Massimizzando il numero di civili iracheni massacrati in un attentato,
si impressionano i media e, riducendo al minimo quello dei soldati americani
uccisi, si rende credibile un’operazione. Obiettivo: influenzare
l’opinione pubblica americana, dubbiosa quando Bush evoca la minaccia
islamista, e democratizzare gli Iracheni. Bastano alcuni agenti per manipolare
un’organizzazione come Al-Qaïda in Iraq. Abu Turab Al-Jazaïri
(l´Algerino) - «
Emiro di Al-Qaïda per Samarra»
- ha dichiarato al quotidiano Al-Arab che lo «
Stato islamico
d’Iraq» aveva commesso degli «
errori»
che non si sarebbero prodotti «
se Zarqaui fosse stato vivo».
Vediamo...
«Al-Qaïda nel paese dei due fiumi» - «
Al-Qaïda
in Iraq» (AQI), a seconda della denominazione dei media –
è nata nel sospetto: quello della resistenza... e di Ben Laden.
La sanguinosa carriera di Abu Mussab al-Zarqaui, il suo fondatore, comporta
- come quella dei suoi successori – delle zone d’ombra che
avranno bisogno di molto tempo per essere chiarite.
I tentativi di AQI per imporsi come federatrice della resistenza non hanno
dato frutti. I suoi eccessi religiosi e i suoi crimini - massacri di sciiti,
omicidi di capi tribù e di combattenti che rifiutavano la sua supremazia
– le hanno alienato gli Iracheni, al punto che è stata richiamata
all’ordine da Ben Laden.
Zarqaui, o il suo fantasma
I precetti dell´islam avevano certamente salvato il giordano Zarqaui
dalla delinquenza, ma non dal settarismo e dal terrorismo. Dopo un soggiorno
in Afghanistan negli anni 80, fonda in Giordania Beyt Al-Imam per deporre
re Hussein. Arrestato prima di passare all’azione, condannato
nel 1993 a 15 anni di carcere, amnistiato sei anni dopo da Abdallah
II, si propone subito al servizio di Al-Qaïda che si chiede se
egli sia stato liberato per infiltrare l’organoizzazione. Preoccupazione
dissolta dalla sua fedeltà a Ben Laden, essa rinascerà
quando egli creerà il suo campo di addestramento presso Hérat,
poi al-Tawhid wal Jihad (Unificazione e Guerra santa), gruppo percepito
come concorrente di Al-Qaïda.
Dopo la caduta dei Talebani, si rifugia nel 2001 nel Kurdistan iracheno,
presso Ansar Al-Islam, organizzazione salafita a maggioranza kurda.

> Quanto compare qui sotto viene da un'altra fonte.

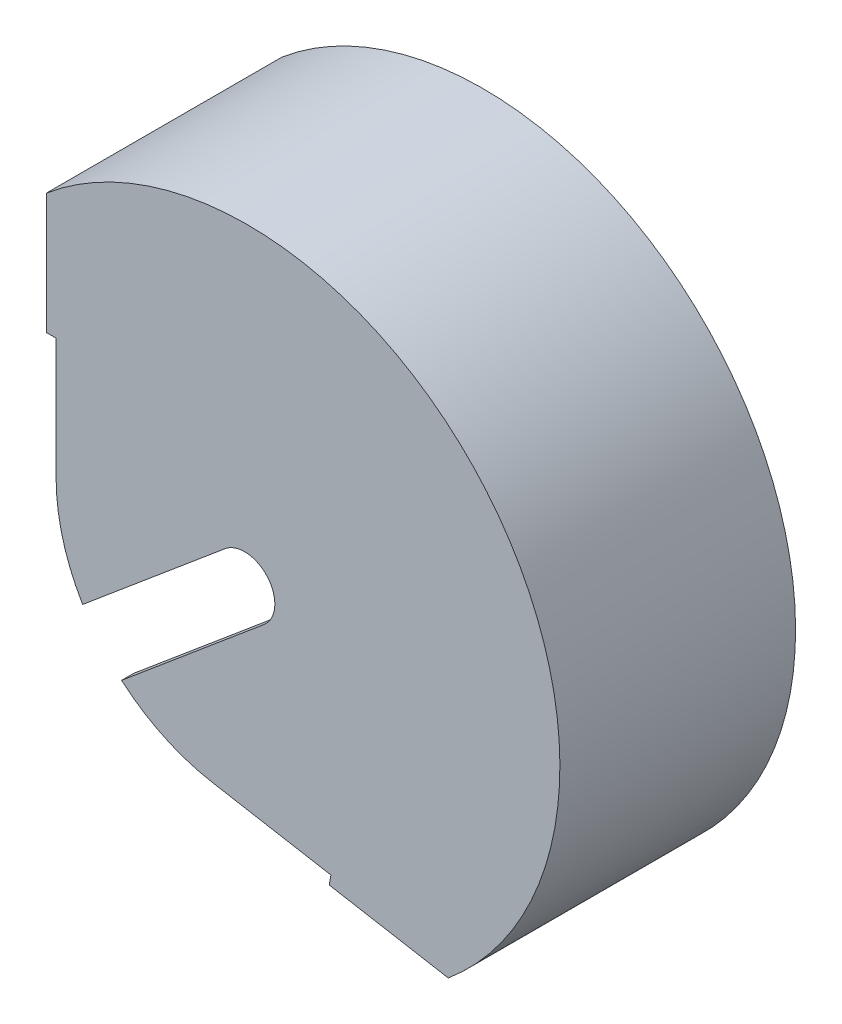
SolidWorks part; units mm, degrees
ref_plane "Front Plane" through (0, 0, 0) normal (0, 0, 1) x (1, 0, 0)
ref_plane "Top Plane" through (0, 0, 0) normal (0, 1, 0) x (1, 0, 0)
ref_plane "Right Plane" through (0, 0, 0) normal (1, 0, 0) x (0, 0, -1)
sketch "Sketch1" plane through (0, 0, 0) normal (0, 0, 1) x (1, 0, 0)
  line L0 (0, 0) -> (-39.624, 0)
  line L1 (0, 0) -> (-6.8806, -39.022)
  line L2 (-39.624, 0) -> (-39.624, 25.4)
  line L3 (-6.8806, -39.022) -> (18.1335, -43.4327)
  line L4 (-39.624, 25.4) -> (-41.656, 25.4)
  line L5 (18.1335, -43.4327) -> (17.7806, -45.4338)
  line L6 (-41.656, 25.4) -> (-41.656, 50.8)
  line L7 (17.7806, -45.4338) -> (42.7947, -49.8445)
  arc A0 (-39.624, 0) -> (-6.8806, -39.022) centre (0, 0) ccw
  arc A1 (42.7947, -49.8445) -> (-41.656, 50.8) centre (0.5694, 0.4778) ccw
  dimension "D1" = 79.248
  dimension "D2" = 80
  dimension "D3" = 25.4
  dimension "D4" = 25.4
  dimension "D5" = 2.032
  dimension "D6" = 2.032
  dimension "D7" = 25.4
extrude "Side" add sketch "Sketch1" along normal blind 2.54 contours L7 A1 L6 L4 L2 L0 L1 L3 L5 | L0 A0 L1 region at (-18.6316, -15.6338, 0) region at (15.1155, 12.6834, 0)
sketch "Sketch2" plane through (0, 0, 2.54) normal (0, 0, 1) x (1, 0, 0)
  line L0 (-40.0233, 48.8542) -> (-41.656, 48.8542)
  line L2 (41.1621, -47.8987) -> (40.8786, -49.5066)
  line L4 (-41.656, 25.4) -> (-41.656, 50.8) construction
  line L5 (17.7806, -45.4338) -> (42.7947, -49.8445) construction
  line L6 (-41.656, 48.8542) -> (-41.656, 50.8)
  line L7 (40.8786, -49.5066) -> (42.7947, -49.8445)
  arc A2 (41.1621, -47.8987) -> (-40.0233, 48.8542) centre (0.5694, 0.4778) ccw
  arc A3 (41.1621, -47.8987) -> (-40.0233, 48.8542) centre (0.5694, 0.4778) ccw
  arc A5 (42.7947, -49.8445) -> (-41.656, 50.8) centre (0.5694, 0.4778) ccw
  arc A6 (42.7947, -49.8445) -> (-41.656, 50.8) centre (0.5694, 0.4778) ccw
  line M6 (18.1335, -43.4327) -> (17.7806, -45.4338)
  line M7 (17.7806, -45.4338) -> (42.7947, -49.8445)
  arc M8 (42.7947, -49.8445) -> (-41.656, 50.8) centre (0.5694, 0.4778) ccw
  line M9 (-41.656, 50.8) -> (-41.656, 25.4)
  line M10 (-41.656, 25.4) -> (-39.624, 25.4)
  dimension "D1" = 2.54
  dimension "D2" = 0
extrude "Cover" add sketch "Sketch2" along normal blind 44.45 contours A3 L2 L0 M6 M7 M8 M9 M10 region at (-40.8397, 50.4387, 2.54)
ref_plane "midplane" through (0, 0, 24.765) normal (0, 0, 1) x (1, 0, 0)
mirror "Mirror1" about plane through (0, 0, 24.765) normal (0, 0, 1) of "Side"
sketch "Sketch3" plane through (0, 0, 49.53) normal (0, 0, 1) x (1, 0, 0)
  line L0 (0, 0) -> (-30.3537, -25.4698) construction
  line L1 (-4.0817, 4.8644) -> (-37.1595, -22.8912)
  line L2 (-37.1595, -22.8912) -> (-28.9961, -32.62)
  line L3 (-28.9961, -32.62) -> (4.0817, -4.8644)
  arc A0 (4.0817, -4.8644) -> (-4.0817, 4.8644) centre (0, 0) ccw
  arc A1 (-39.624, 0) -> (-6.8806, -39.022) centre (0, 0) ccw construction
  dimension "D2" = 12.7
  dimension "D1" = 43.18
extrude "Flywheel slit" cut sketch "Sketch3" against normal up to next
sketch "Sketch4" plane through (0, 0, 0) normal (0, 0, -1) x (-1, 0, 0)
  line L0 (0, 0) -> (39.624, 0) construction
  line L1 (0, 0) -> (33.2775, 10.174) construction
  line L2 (-2.1162, -33.5317) -> (33.2775, 10.174) construction
  line L3 (33.2775, 10.174) -> (3.2382, -36.9452) construction
  line L4 (3.2382, -36.9452) -> (-2.1162, -33.5317) construction
  circle A2 centre (-2.1162, -33.5317) radius 3.2639
  circle A3 centre (33.2775, 10.174) radius 3.2639
  dimension "D1" = 6.35
  dimension "D2" = 55.88
  dimension "D4" = 6.5278
  dimension "D5" = 17
extrude "Mount holes" cut sketch "Sketch4" against normal up to next

Malgrado le dichiarazioni di Colin Powell che ne fanno l’anello
mancante a riprova della relazione Saddam Hussein - Ben Laden e nonostante
i sanguinosi attentati dell’agosto 2003, senza dubbio a torto
attribuitigli – esplosione alla sede delle Nazioni Unite, assassinio
dell´ayatollah Mohamad Baker Al-Hakim -, egli diventerà
la nuova «star» americana del terrorismo solo nel
maggio 2004, con la decapitazione di Nicolas Berg.
Nell’ottobre 2004, la sua organizzazione prende il nome di «Al-Qaïda
nel paese dei due fiumi» per significare il suo rifiuto del
patriottismo iracheno e rivendica degli attentati brutali e controproducenti
che lo squalificano: autobombe nei quartieri sciiti, omicidi di diplomatici
arabi – un egiziano e un algerino -, attentati contro l’ambasciata
di Giordania e contro grandi alberghi di Amman.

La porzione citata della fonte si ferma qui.